Which lines in the data below contain the string "width"? Show each one.

Input material START

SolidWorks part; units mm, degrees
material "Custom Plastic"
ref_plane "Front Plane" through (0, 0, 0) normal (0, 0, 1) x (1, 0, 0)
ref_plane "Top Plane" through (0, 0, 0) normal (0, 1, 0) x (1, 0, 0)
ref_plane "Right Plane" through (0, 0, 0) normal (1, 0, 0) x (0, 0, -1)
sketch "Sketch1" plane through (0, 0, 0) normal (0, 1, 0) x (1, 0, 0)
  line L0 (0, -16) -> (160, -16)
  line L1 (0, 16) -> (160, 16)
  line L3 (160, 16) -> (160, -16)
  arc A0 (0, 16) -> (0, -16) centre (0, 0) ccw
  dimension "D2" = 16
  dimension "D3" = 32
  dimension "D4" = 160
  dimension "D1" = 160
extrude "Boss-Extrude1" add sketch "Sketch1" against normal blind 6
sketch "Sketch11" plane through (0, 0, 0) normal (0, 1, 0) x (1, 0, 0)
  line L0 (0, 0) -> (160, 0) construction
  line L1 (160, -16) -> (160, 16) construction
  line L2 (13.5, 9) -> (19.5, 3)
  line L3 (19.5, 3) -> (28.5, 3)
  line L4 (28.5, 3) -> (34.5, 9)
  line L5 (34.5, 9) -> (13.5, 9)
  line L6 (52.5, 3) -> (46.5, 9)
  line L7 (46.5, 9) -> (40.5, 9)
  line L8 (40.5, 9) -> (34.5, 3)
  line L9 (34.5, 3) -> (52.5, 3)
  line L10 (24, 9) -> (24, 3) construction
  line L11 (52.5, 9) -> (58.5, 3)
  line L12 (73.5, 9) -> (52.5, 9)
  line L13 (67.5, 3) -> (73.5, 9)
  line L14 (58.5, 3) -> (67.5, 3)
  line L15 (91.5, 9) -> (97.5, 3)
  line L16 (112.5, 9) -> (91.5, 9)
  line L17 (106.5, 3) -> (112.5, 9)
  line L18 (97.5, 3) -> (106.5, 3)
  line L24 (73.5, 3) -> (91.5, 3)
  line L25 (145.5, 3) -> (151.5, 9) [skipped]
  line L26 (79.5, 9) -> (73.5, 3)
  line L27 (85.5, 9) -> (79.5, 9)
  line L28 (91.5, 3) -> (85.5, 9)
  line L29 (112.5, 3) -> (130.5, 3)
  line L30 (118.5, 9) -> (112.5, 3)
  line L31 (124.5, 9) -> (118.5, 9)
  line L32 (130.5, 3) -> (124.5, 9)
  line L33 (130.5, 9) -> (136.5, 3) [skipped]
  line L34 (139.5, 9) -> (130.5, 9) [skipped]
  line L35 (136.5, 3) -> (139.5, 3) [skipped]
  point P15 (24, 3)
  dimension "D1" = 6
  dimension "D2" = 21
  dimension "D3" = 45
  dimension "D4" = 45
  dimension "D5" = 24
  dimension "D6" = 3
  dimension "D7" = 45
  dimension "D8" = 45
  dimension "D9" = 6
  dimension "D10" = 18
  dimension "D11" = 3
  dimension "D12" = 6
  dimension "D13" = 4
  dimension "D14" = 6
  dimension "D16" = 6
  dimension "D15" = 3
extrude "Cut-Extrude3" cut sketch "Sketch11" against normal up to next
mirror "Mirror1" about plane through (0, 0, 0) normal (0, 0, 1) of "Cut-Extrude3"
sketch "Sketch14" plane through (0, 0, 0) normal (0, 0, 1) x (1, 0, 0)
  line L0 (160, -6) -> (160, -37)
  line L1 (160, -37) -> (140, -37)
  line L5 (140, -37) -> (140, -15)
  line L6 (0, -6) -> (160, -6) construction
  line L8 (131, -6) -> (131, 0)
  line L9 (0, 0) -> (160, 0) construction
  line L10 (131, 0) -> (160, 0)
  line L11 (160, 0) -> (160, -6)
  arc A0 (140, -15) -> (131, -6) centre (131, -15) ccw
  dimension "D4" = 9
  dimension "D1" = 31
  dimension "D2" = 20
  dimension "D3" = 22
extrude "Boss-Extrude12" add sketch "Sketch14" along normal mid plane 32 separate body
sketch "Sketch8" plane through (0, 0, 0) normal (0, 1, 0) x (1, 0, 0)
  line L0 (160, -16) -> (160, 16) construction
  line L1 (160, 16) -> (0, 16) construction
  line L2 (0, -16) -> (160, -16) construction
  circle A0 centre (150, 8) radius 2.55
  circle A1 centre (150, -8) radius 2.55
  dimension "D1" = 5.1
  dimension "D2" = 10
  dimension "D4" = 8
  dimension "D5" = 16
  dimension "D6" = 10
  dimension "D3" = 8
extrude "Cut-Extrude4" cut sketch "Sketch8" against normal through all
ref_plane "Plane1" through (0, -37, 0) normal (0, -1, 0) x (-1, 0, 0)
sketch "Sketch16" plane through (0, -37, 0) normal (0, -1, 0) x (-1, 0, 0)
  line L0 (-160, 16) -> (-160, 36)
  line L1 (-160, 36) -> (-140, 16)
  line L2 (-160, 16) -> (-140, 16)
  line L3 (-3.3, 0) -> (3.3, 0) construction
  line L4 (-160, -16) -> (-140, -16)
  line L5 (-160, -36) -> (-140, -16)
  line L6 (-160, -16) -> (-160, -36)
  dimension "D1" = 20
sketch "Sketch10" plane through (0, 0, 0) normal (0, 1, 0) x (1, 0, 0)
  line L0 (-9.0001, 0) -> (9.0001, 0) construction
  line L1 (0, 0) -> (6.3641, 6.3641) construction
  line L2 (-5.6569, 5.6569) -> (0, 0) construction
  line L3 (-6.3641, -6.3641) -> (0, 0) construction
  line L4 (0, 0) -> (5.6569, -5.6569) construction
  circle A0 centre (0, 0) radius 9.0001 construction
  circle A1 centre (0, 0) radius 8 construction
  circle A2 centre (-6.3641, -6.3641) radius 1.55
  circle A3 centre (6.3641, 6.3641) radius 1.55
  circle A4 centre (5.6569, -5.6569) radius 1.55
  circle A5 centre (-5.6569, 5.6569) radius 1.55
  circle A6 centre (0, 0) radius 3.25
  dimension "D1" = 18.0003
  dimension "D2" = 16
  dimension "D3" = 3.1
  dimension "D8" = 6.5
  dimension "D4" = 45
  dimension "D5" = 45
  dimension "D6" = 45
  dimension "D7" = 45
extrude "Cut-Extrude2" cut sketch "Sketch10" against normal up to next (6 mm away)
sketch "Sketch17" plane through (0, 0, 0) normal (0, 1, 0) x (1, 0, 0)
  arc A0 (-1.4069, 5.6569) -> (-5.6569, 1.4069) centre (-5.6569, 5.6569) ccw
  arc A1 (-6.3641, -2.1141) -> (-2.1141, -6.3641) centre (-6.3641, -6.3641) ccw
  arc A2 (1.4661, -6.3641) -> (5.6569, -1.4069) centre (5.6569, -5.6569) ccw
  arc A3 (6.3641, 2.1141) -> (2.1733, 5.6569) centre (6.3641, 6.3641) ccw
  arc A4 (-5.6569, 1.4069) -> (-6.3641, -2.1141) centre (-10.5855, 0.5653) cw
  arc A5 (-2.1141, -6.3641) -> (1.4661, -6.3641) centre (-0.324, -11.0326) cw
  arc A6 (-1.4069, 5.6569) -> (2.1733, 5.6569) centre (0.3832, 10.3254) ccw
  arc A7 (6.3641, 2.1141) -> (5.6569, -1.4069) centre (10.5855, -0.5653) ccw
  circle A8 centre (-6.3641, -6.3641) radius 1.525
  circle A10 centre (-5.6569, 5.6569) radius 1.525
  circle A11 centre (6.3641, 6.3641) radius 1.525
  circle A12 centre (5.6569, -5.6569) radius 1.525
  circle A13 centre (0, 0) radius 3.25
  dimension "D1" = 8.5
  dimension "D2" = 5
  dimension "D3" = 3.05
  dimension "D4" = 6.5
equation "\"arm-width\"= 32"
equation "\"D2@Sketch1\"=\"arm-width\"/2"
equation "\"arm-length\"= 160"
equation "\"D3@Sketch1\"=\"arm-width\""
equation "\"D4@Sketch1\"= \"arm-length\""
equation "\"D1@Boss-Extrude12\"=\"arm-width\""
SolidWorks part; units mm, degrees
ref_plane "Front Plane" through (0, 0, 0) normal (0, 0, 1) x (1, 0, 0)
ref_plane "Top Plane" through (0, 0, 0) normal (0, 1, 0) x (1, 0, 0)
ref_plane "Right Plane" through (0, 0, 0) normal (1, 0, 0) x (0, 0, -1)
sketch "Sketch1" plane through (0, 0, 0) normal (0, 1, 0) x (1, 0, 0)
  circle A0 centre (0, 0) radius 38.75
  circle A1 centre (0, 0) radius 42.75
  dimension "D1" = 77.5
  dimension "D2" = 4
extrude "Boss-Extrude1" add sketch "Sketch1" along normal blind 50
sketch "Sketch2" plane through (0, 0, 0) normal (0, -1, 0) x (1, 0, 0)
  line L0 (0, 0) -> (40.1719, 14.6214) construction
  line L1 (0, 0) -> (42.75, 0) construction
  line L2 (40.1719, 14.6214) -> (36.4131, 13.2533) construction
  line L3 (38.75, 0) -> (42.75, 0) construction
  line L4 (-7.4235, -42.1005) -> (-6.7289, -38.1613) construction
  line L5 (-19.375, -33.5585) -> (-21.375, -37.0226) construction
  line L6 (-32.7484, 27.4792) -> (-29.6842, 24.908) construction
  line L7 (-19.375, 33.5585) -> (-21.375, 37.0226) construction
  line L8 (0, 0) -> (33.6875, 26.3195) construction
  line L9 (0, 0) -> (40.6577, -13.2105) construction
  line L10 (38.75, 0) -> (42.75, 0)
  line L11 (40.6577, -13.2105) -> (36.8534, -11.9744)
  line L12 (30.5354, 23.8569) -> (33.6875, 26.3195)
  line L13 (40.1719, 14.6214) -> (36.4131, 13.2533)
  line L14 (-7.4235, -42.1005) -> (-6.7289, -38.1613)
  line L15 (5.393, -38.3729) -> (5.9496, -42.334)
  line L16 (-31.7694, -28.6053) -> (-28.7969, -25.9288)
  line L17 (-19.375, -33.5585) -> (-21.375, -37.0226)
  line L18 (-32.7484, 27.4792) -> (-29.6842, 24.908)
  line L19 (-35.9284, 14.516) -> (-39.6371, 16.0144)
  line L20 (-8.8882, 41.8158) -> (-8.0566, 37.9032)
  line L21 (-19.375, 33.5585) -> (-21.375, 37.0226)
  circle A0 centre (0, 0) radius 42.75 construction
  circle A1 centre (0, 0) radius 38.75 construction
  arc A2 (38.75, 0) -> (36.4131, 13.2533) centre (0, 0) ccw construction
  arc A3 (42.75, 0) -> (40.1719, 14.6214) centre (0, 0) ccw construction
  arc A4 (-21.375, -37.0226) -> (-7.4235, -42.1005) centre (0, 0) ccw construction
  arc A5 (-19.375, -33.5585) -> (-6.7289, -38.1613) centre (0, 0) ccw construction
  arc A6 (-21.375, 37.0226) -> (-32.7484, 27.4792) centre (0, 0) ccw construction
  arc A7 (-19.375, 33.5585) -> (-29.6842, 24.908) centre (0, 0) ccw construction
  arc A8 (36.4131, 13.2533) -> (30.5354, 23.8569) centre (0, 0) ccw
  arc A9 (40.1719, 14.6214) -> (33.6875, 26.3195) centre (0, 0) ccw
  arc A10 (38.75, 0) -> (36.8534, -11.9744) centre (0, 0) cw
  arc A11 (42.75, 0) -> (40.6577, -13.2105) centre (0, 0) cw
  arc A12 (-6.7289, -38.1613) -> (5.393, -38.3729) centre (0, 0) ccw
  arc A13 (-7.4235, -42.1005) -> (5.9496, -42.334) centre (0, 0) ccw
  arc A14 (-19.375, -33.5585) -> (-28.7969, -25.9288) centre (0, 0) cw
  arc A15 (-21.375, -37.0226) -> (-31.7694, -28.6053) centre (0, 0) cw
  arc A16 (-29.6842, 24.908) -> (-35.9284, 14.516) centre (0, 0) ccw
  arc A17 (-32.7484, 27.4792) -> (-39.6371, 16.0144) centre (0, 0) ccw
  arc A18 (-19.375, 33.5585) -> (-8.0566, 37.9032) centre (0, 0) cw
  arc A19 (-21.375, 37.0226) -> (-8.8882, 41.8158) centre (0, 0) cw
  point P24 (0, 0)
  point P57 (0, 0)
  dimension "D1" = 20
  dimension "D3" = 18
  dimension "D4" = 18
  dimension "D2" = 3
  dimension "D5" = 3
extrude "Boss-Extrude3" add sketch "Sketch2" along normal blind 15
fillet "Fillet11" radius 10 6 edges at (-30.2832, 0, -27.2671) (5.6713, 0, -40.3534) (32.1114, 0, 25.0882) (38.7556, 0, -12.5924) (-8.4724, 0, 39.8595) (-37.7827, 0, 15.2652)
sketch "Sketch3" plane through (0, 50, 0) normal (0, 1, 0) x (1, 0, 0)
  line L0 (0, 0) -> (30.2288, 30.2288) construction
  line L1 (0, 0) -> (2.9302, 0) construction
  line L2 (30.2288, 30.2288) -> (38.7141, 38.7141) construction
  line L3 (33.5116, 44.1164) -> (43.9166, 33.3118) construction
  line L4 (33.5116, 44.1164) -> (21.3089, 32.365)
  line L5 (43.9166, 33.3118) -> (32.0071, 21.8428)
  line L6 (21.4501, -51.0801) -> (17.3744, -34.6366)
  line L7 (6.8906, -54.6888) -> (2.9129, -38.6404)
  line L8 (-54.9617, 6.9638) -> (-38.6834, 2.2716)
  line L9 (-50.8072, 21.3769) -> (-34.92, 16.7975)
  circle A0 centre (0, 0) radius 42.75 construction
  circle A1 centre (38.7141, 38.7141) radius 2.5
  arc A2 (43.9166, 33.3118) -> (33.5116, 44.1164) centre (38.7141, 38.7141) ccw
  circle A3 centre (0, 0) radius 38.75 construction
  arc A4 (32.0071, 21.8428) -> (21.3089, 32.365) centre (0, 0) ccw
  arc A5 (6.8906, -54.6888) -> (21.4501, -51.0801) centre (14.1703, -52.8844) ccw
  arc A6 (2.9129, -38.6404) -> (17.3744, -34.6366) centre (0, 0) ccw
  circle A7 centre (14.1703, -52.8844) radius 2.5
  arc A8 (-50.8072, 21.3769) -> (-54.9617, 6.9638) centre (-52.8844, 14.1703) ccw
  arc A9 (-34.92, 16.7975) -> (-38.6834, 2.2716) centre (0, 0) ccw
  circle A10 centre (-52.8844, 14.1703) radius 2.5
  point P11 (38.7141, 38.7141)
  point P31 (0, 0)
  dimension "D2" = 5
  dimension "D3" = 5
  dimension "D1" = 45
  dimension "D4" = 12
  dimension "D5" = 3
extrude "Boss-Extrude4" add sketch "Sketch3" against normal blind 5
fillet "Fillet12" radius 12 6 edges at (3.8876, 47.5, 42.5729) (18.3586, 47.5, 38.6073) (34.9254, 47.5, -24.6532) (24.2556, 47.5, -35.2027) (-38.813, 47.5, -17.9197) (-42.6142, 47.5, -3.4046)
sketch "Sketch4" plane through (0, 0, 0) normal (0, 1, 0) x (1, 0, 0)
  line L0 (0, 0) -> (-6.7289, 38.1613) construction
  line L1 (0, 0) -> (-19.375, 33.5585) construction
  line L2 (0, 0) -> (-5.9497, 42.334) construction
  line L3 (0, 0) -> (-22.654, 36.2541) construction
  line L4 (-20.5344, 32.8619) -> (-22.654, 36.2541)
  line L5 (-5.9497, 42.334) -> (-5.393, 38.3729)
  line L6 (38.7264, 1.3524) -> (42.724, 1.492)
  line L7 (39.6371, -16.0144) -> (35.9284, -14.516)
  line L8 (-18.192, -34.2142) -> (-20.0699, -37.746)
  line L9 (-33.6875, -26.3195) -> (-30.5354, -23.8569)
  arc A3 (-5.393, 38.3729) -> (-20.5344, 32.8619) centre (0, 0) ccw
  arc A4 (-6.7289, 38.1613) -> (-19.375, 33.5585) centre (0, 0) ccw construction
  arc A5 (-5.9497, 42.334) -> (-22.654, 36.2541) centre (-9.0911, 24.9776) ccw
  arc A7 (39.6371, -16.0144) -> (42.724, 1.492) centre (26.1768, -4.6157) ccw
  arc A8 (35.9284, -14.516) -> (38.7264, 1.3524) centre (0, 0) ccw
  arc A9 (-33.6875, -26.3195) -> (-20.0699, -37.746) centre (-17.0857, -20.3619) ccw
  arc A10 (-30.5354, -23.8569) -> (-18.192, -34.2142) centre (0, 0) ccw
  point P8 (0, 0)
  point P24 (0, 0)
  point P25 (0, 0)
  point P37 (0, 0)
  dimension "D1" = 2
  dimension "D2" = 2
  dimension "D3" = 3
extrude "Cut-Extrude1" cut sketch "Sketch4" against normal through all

Input material END

# Task result:
equation "\"arm-width\"= 32"
equation "\"D2@Sketch1\"=\"arm-width\"/2"
equation "\"D3@Sketch1\"=\"arm-width\""
equation "\"D1@Boss-Extrude12\"=\"arm-width\""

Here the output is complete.